> [What the task asks]:
Go through the data and retrieve each line that includes the string "circle".

> [Material provided]:
━━━━━━
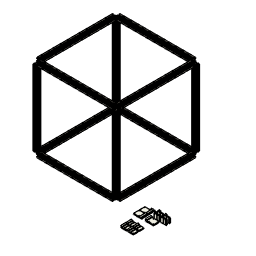
알루미늄 프로파일 20mm + 센서 케이스 v1+2+3 (Autodesk Fusion 360 design; units mm, degrees)
part number: 2025-07-09-12-54-32-083
Autodesk Fusion 360 part; units mm, degrees
note: some values were not read from the file. Set by a fixed rule: which sketch regions a step uses.
sketch "스케치1" plane through (0, 0, 0) normal (0, 0, 1) x (1, 0, 0)
  line L0 (20, 0) -> (17, 0)
  line L1 (20, 3) -> (20, 0)
  circle A0 centre (17, 3) radius 2
  circle A1 centre (17, 17) radius 2
  circle A2 centre (3, 17) radius 2
  circle A3 centre (3, 3) radius 2
  line L2 (12.65, 0) -> (12.65, 1.5)
  line L3 (12.65, 1.5) -> (14.15, 1.5)
  line L4 (14.15, 1.5) -> (14.15, 5.132)
  line L5 (7.35, 0) -> (7.35, 1.5)
  line L6 (7.35, 1.5) -> (5.85, 1.5)
  line L7 (5.85, 1.5) -> (5.85, 5.132)
  arc A4 (14.15, 5.132) -> (5.85, 5.132) centre (10, 0) ccw
  line L8 (0, 0) -> (7.35, 0)
  line L9 (12.65, 0) -> (20, 0)
  line L10 (12.65, 20) -> (12.65, 18.5)
  line L11 (12.65, 18.5) -> (14.15, 18.5)
  line L12 (14.15, 18.5) -> (14.15, 14.868)
  arc A5 (14.15, 14.868) -> (5.85, 14.868) centre (10, 20) cw
  line L13 (5.85, 18.5) -> (5.85, 14.868)
  line L14 (7.35, 18.5) -> (5.85, 18.5)
  line L15 (7.35, 20) -> (7.35, 18.5)
  line L16 (20, 12.65) -> (18.5, 12.65)
  line L17 (18.5, 12.65) -> (18.5, 14.15)
  line L18 (18.5, 14.15) -> (14.868, 14.15)
  arc A6 (14.868, 14.15) -> (14.868, 5.85) centre (20, 10) ccw
  line L19 (18.5, 5.85) -> (14.868, 5.85)
  line L20 (18.5, 7.35) -> (18.5, 5.85)
  line L21 (20, 7.35) -> (18.5, 7.35)
  line L22 (0, 7.35) -> (1.5, 7.35)
  line L23 (1.5, 7.35) -> (1.5, 5.85)
  line L24 (1.5, 5.85) -> (5.132, 5.85)
  arc A7 (5.132, 5.85) -> (5.132, 14.15) centre (0, 10) ccw
  line L25 (1.5, 14.15) -> (5.132, 14.15)
  line L26 (1.5, 12.65) -> (1.5, 14.15)
  line L27 (0, 12.65) -> (1.5, 12.65)
  line L28 (0, 20) -> (0, 12.65)
  line L29 (0, 7.35) -> (0, 0)
  line L30 (20, 0) -> (20, 7.35)
  line L31 (20, 12.65) -> (20, 20)
  line L32 (20, 20) -> (12.65, 20)
  line L33 (7.35, 20) -> (0, 20)
  line L34 (20, 12.65) -> (20, 7.35)
  dimension "d1" = 20
  dimension "d2" = 20
  dimension "d3" = 3
  dimension "d4" = 3
  dimension "d5" = 4
  dimension "d6" = 4
  dimension "d7" = 4
  dimension "d8" = 4
  dimension "d10" = 1.5
  dimension "d11" = 1.5
  dimension "d14" = 1.5
  dimension "d15" = 1.5
  dimension "d16" = 1.5
  dimension "d17" = 1.5
  dimension "d18" = 1.5
  dimension "d19" = 1.5
  dimension "d20" = 1.5
  dimension "d21" = 1.5
  dimension "d22" = 1.5
  dimension "d23" = 1.5
  dimension "d24" = 1.5
  dimension "d25" = 1.5
  dimension "d26" = 1.5
  dimension "d27" = 1.5
  constraint horizontal L8
  constraint vertical L30
  constraint horizontal L32
  constraint vertical L28
  constraint coincident L8.start L29.end
  constraint horizontal L0
  constraint vertical L1
  constraint perpendicular L2 L3
  constraint perpendicular L3 L4
  constraint perpendicular L5 L8
  constraint perpendicular L5 L6
  constraint perpendicular L6 L7
  constraint collinear L8 L9
  constraint perpendicular L10 L11
  constraint perpendicular L11 L12
  constraint perpendicular L14 L15
  constraint perpendicular L13 L14
  constraint perpendicular L16 L17
  constraint perpendicular L17 L18
  constraint perpendicular L20 L21
  constraint perpendicular L19 L20
  constraint perpendicular L22 L23
  constraint perpendicular L23 L24
  constraint perpendicular L26 L27
  constraint perpendicular L25 L26
  constraint collinear L28 L29
  constraint coincident A7.centre L28
  constraint collinear L30 L31
  constraint coincident A6.centre L30
  constraint collinear L32 L33
  constraint coincident A5.centre L32
  constraint perpendicular L21 L34
  measures "d1" distance of L8.start L0.start
  measures "d2" distance of L8.start L28.start
  measures "d3" distance of L0.start L0.end
  measures "d4" distance of L0.start L1.start
  measures "d5" diameter of A0
  measures "d6" diameter of A1
  measures "d7" diameter of A2
  measures "d8" diameter of A3
  measures "d10" distance of L2.start L2.end
  measures "d11" distance of L2.end L3.end
  measures "d14" distance of L5.start L5.end
  measures "d15" distance of L5.end L6.end
  measures "d16" distance of L10.start L10.end
  measures "d17" distance of L10.end L11.end
  measures "d18" distance of L14.start L15.start
  measures "d19" distance of L14.start L13.start
  measures "d20" distance of L16.start L16.end
  measures "d21" distance of L16.end L17.end
  measures "d22" distance of L20.start L21.start
  measures "d23" distance of L20.start L19.start
  measures "d24" distance of L22.start L22.end
  measures "d25" distance of L22.end L23.end
  measures "d26" distance of L26.start L27.start
  measures "d27" distance of L26.start L25.start
extrude "돌출1" add sketch "스케치1" along normal blind 400 contours L0 L1 L2 L3 L4 L5 L6 L7 A4 L8 L9 L10 L11 L12 A5 L13 L14 L15 L16 L17 L18 A6 L19 L20 L21 L22 L23 L24 A7 L25 L26 L27 L28 L29 L30 L31 L32 L33 | A0 | A1 | A2 | A3 makes body 1
move_body "이동1" bodies 1 to x (1, 0, 0) y (0, 0, -1) z (0, 1, 0) at (0, 0, 20)
move_body "이동2" bodies 1 to x (1, 0, 0) y (0, 1, 0) z (0, 0, 1) at (0, 20, 0)
move_body "이동3" bodies 1 to x (1, 0, 0) y (0, 1, 0) z (0, 0, 1) at (0, 5, 0)
extrude "돌출2" add sketch "스케치1" along normal blind 400 separate body contours L0 L1 L2 L3 L4 L5 L6 L7 A4 L8 L9 L10 L11 L12 A5 L13 L14 L15 L16 L17 L18 A6 L19 L20 L21 L22 L23 L24 A7 L25 L26 L27 L28 L29 L30 L31 L32 L33 makes body 2
move_body "이동4" bodies 2 to x (1, 0, 0) y (0, 1, 0) z (0, 0, 1) at (0, 0, 20)
move_body "이동5" bodies 1 to x (1, 0, 0) y (0, 1, 0) z (0, 0, 1) at (0, -5, 0)
copy_body "CopyPasteBodies1" bodies 1 makes body 3
move_body "이동6" bodies 3 to x (1, 0, 0) y (0, 1, 0) z (0, 0, 1) at (0, 0, 420)
copy_body "CopyPasteBodies2" bodies 2 makes body 4
move_body "이동7" bodies 4 to x (1, 0, 0) y (0, 1, 0) z (0, 0, 1) at (0, 420, 0)
extrude "돌출3" add sketch "스케치1" against normal blind 400 separate body contours L0 L1 L2 L3 L4 L5 L6 L7 A4 L8 L9 L10 L11 L12 A5 L13 L14 L15 L16 L17 L18 A6 L19 L20 L21 L22 L23 L24 A7 L25 L26 L27 L28 L29 L30 L31 L32 L33 makes body 5
move_body "이동8" bodies 5 to x (0, 0, 1) y (0, 1, 0) z (-1, 0, 0) at (-400, 0, 0)
copy_body "CopyPasteBodies3" bodies 5 makes body 6
move_body "이동9" bodies 6 to x (1, 0, 0) y (0, 1, 0) z (0, 0, 1) at (0, 420, 0)
copy_body "CopyPasteBodies4" bodies 5 makes body 7
move_body "이동10" bodies 7 to x (1, 0, 0) y (0, 1, 0) z (0, 0, 1) at (0, 0, 420)
copy_body "CopyPasteBodies5" bodies 6 makes body 8
move_body "이동11" bodies 8 to x (1, 0, 0) y (0, 1, 0) z (0, 0, 1) at (0, 0, 420)
copy_body "CopyPasteBodies6" bodies 2 makes body 9
move_body "이동12" bodies 9 to x (1, 0, 0) y (0, 1, 0) z (0, 0, 1) at (-420, 0, 0)
copy_body "CopyPasteBodies7" bodies 9 makes body 10
move_body "이동13" bodies 10 to x (1, 0, 0) y (0, 1, 0) z (0, 0, 1) at (0, 420, 0)
copy_body "CopyPasteBodies8" bodies 1 makes body 11
move_body "이동14" bodies 11 to x (1, 0, 0) y (0, 1, 0) z (0, 0, 1) at (-420, 0, 0)
copy_body "CopyPasteBodies9" bodies 11 makes body 12
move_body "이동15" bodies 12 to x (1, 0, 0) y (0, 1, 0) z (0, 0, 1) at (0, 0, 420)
━━━━━━
> [Task result]:
  circle A0 centre (17, 3) radius 2
  circle A1 centre (17, 17) radius 2
  circle A2 centre (3, 17) radius 2
  circle A3 centre (3, 3) radius 2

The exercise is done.